TASK INPUT ->

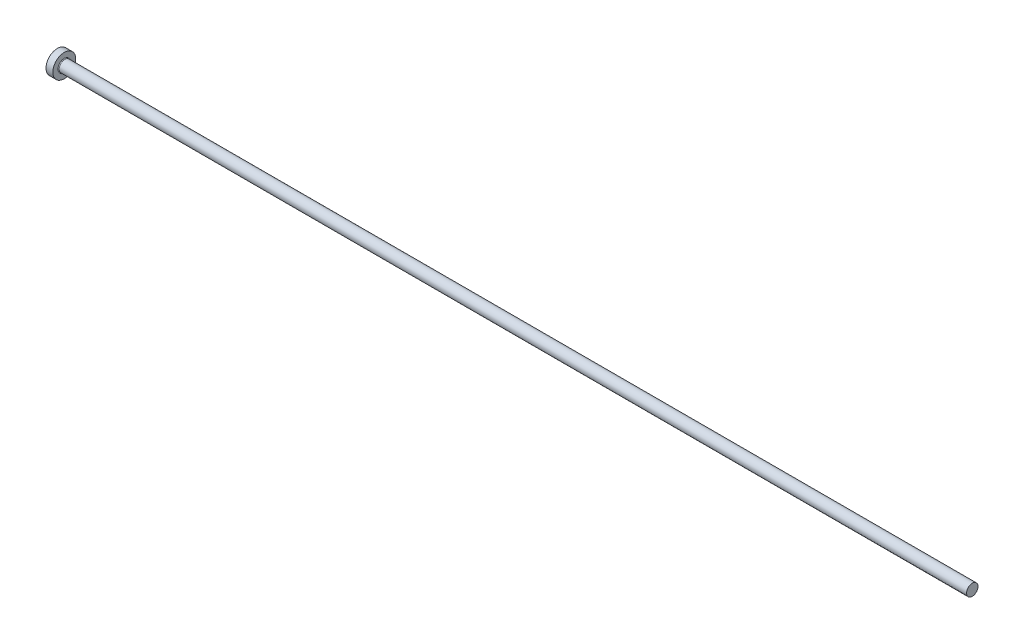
ISO-10303-21;
HEADER;
FILE_DESCRIPTION(('STEP AP214'),'2;1');
FILE_NAME('part.step','',(''),(''),'','','');
FILE_SCHEMA(('AUTOMOTIVE_DESIGN { 1 0 10303 214 1 1 1 1 }'));
ENDSEC;
DATA;
#1=APPLICATION_CONTEXT('core data for automotive mechanical design processes');
#2=APPLICATION_PROTOCOL_DEFINITION('international standard','automotive_design',2000,#1);
#3=PRODUCT_CONTEXT('',#1,'mechanical');
#4=PRODUCT('Part','Part','',(#3));
#5=PRODUCT_RELATED_PRODUCT_CATEGORY('part','',(#4));
#6=PRODUCT_DEFINITION_FORMATION('','',#4);
#7=PRODUCT_DEFINITION_CONTEXT('part definition',#1,'design');
#8=PRODUCT_DEFINITION('design','',#6,#7);
#9=PRODUCT_DEFINITION_SHAPE('','',#8);
#10=(LENGTH_UNIT() NAMED_UNIT(*) SI_UNIT(.MILLI.,.METRE.));
#11=(NAMED_UNIT(*) PLANE_ANGLE_UNIT() SI_UNIT($,.RADIAN.));
#12=(NAMED_UNIT(*) SI_UNIT($,.STERADIAN.) SOLID_ANGLE_UNIT());
#13=UNCERTAINTY_MEASURE_WITH_UNIT(LENGTH_MEASURE(1.E-05),#10,'distance_accuracy_value','');
#14=(GEOMETRIC_REPRESENTATION_CONTEXT(3) GLOBAL_UNCERTAINTY_ASSIGNED_CONTEXT((#13)) GLOBAL_UNIT_ASSIGNED_CONTEXT((#10,
#11,#12)) REPRESENTATION_CONTEXT('',''));
#15=CARTESIAN_POINT('',(0.,0.,0.));
#16=DIRECTION('',(0.,0.,1.));
#17=DIRECTION('',(1.,0.,0.));
#18=AXIS2_PLACEMENT_3D('',#15,#16,#17);
#19=CARTESIAN_POINT('',(0.,0.,0.));
#20=DIRECTION('',(-1.,0.,0.));
#21=DIRECTION('',(0.,-1.,0.));
#22=AXIS2_PLACEMENT_3D('',#19,#20,#21);
#23=PLANE('',#22);
#24=CARTESIAN_POINT('',(0.,0.,0.));
#25=DIRECTION('',(1.,0.,0.));
#26=DIRECTION('',(0.,1.,0.));
#27=AXIS2_PLACEMENT_3D('',#24,#25,#26);
#28=CIRCLE('',#27,5.);
#29=CARTESIAN_POINT('',(0.,5.,0.));
#30=VERTEX_POINT('',#29);
#31=EDGE_CURVE('E25',#30,#30,#28,.T.);
#32=ORIENTED_EDGE('',*,*,#31,.F.);
#33=EDGE_LOOP('',(#32));
#34=FACE_BOUND('',#33,.T.);
#35=ADVANCED_FACE('F14',(#34),#23,.T.);
#36=CARTESIAN_POINT('',(400.,0.,0.));
#37=DIRECTION('',(1.,0.,0.));
#38=DIRECTION('',(0.,1.,0.));
#39=AXIS2_PLACEMENT_3D('',#36,#37,#38);
#40=CYLINDRICAL_SURFACE('',#39,5.);
#41=ORIENTED_EDGE('',*,*,#31,.T.);
#42=EDGE_LOOP('',(#41));
#43=FACE_BOUND('',#42,.T.);
#44=CARTESIAN_POINT('',(3.,0.,0.));
#45=DIRECTION('',(1.,0.,0.));
#46=DIRECTION('',(0.,1.,0.));
#47=AXIS2_PLACEMENT_3D('',#44,#45,#46);
#48=CIRCLE('',#47,5.);
#49=CARTESIAN_POINT('',(3.,5.,0.));
#50=VERTEX_POINT('',#49);
#51=EDGE_CURVE('E29',#50,#50,#48,.T.);
#52=ORIENTED_EDGE('',*,*,#51,.F.);
#53=EDGE_LOOP('',(#52));
#54=FACE_BOUND('',#53,.T.);
#55=ADVANCED_FACE('F51',(#43,#54),#40,.T.);
#56=CARTESIAN_POINT('',(3.,5.,0.));
#57=DIRECTION('',(1.,0.,0.));
#58=DIRECTION('',(0.,1.,0.));
#59=AXIS2_PLACEMENT_3D('',#56,#57,#58);
#60=PLANE('',#59);
#61=CARTESIAN_POINT('',(3.,0.,0.));
#62=DIRECTION('',(1.,0.,0.));
#63=DIRECTION('',(0.,1.,0.));
#64=AXIS2_PLACEMENT_3D('',#61,#62,#63);
#65=CIRCLE('',#64,2.79999999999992);
#66=CARTESIAN_POINT('',(3.,2.79999999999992,0.));
#67=VERTEX_POINT('',#66);
#68=EDGE_CURVE('E9',#67,#67,#65,.F.);
#69=ORIENTED_EDGE('',*,*,#68,.T.);
#70=EDGE_LOOP('',(#69));
#71=FACE_BOUND('',#70,.T.);
#72=ORIENTED_EDGE('',*,*,#51,.T.);
#73=EDGE_LOOP('',(#72));
#74=FACE_BOUND('',#73,.T.);
#75=ADVANCED_FACE('F42',(#71,#74),#60,.T.);
#76=CARTESIAN_POINT('',(400.,0.,0.));
#77=DIRECTION('',(1.,0.,0.));
#78=DIRECTION('',(0.,1.,0.));
#79=AXIS2_PLACEMENT_3D('',#76,#77,#78);
#80=CYLINDRICAL_SURFACE('',#79,2.49999999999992);
#81=CARTESIAN_POINT('',(3.3,0.,0.));
#82=DIRECTION('',(1.,0.,0.));
#83=DIRECTION('',(0.,1.,0.));
#84=AXIS2_PLACEMENT_3D('',#81,#82,#83);
#85=CIRCLE('',#84,2.49999999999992);
#86=CARTESIAN_POINT('',(3.3,2.49999999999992,0.));
#87=VERTEX_POINT('',#86);
#88=EDGE_CURVE('E21',#87,#87,#85,.T.);
#89=ORIENTED_EDGE('',*,*,#88,.T.);
#90=EDGE_LOOP('',(#89));
#91=FACE_BOUND('',#90,.T.);
#92=CARTESIAN_POINT('',(400.,0.,0.));
#93=DIRECTION('',(1.,0.,0.));
#94=DIRECTION('',(0.,1.,0.));
#95=AXIS2_PLACEMENT_3D('',#92,#93,#94);
#96=CIRCLE('',#95,2.49999999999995);
#97=CARTESIAN_POINT('',(400.,2.49999999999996,0.));
#98=VERTEX_POINT('',#97);
#99=EDGE_CURVE('E34',#98,#98,#96,.T.);
#100=ORIENTED_EDGE('',*,*,#99,.F.);
#101=EDGE_LOOP('',(#100));
#102=FACE_BOUND('',#101,.T.);
#103=ADVANCED_FACE('F40',(#91,#102),#80,.T.);
#104=CARTESIAN_POINT('',(400.,2.49999999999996,0.));
#105=DIRECTION('',(1.,0.,0.));
#106=DIRECTION('',(0.,1.,0.));
#107=AXIS2_PLACEMENT_3D('',#104,#105,#106);
#108=PLANE('',#107);
#109=ORIENTED_EDGE('',*,*,#99,.T.);
#110=EDGE_LOOP('',(#109));
#111=FACE_BOUND('',#110,.T.);
#112=ADVANCED_FACE('F38',(#111),#108,.T.);
#113=CARTESIAN_POINT('',(3.3,0.,0.));
#114=DIRECTION('',(1.,0.,0.));
#115=DIRECTION('',(0.,1.,0.));
#116=AXIS2_PLACEMENT_3D('',#113,#114,#115);
#117=TOROIDAL_SURFACE('',#116,2.79999999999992,0.3);
#118=ORIENTED_EDGE('',*,*,#68,.F.);
#119=EDGE_LOOP('',(#118));
#120=FACE_BOUND('',#119,.T.);
#121=ORIENTED_EDGE('',*,*,#88,.F.);
#122=EDGE_LOOP('',(#121));
#123=FACE_BOUND('',#122,.T.);
#124=ADVANCED_FACE('F16',(#120,#123),#117,.F.);
#125=CLOSED_SHELL('',(#35,#55,#75,#103,#112,#124));
#126=MANIFOLD_SOLID_BREP('B1',#125);
#127=ADVANCED_BREP_SHAPE_REPRESENTATION('',(#18,#126),#14);
#128=SHAPE_DEFINITION_REPRESENTATION(#9,#127);
ENDSEC;
END-ISO-10303-21;

TASK TO COMPLETE ->
Write out the lines of the entries above exactly, beginning with the first and ending with the line that contains "#11=(NAMED_UNIT(*) PLANE_ANGLE_UNIT() SI_UNIT($,.RADIAN.));". No picture goes in.

RESULT OF THIS TASK ->
ISO-10303-21;
HEADER;
FILE_DESCRIPTION(('STEP AP214'),'2;1');
FILE_NAME('part.step','',(''),(''),'','','');
FILE_SCHEMA(('AUTOMOTIVE_DESIGN { 1 0 10303 214 1 1 1 1 }'));
ENDSEC;
DATA;
#1=APPLICATION_CONTEXT('core data for automotive mechanical design processes');
#2=APPLICATION_PROTOCOL_DEFINITION('international standard','automotive_design',2000,#1);
#3=PRODUCT_CONTEXT('',#1,'mechanical');
#4=PRODUCT('Part','Part','',(#3));
#5=PRODUCT_RELATED_PRODUCT_CATEGORY('part','',(#4));
#6=PRODUCT_DEFINITION_FORMATION('','',#4);
#7=PRODUCT_DEFINITION_CONTEXT('part definition',#1,'design');
#8=PRODUCT_DEFINITION('design','',#6,#7);
#9=PRODUCT_DEFINITION_SHAPE('','',#8);
#10=(LENGTH_UNIT() NAMED_UNIT(*) SI_UNIT(.MILLI.,.METRE.));
#11=(NAMED_UNIT(*) PLANE_ANGLE_UNIT() SI_UNIT($,.RADIAN.));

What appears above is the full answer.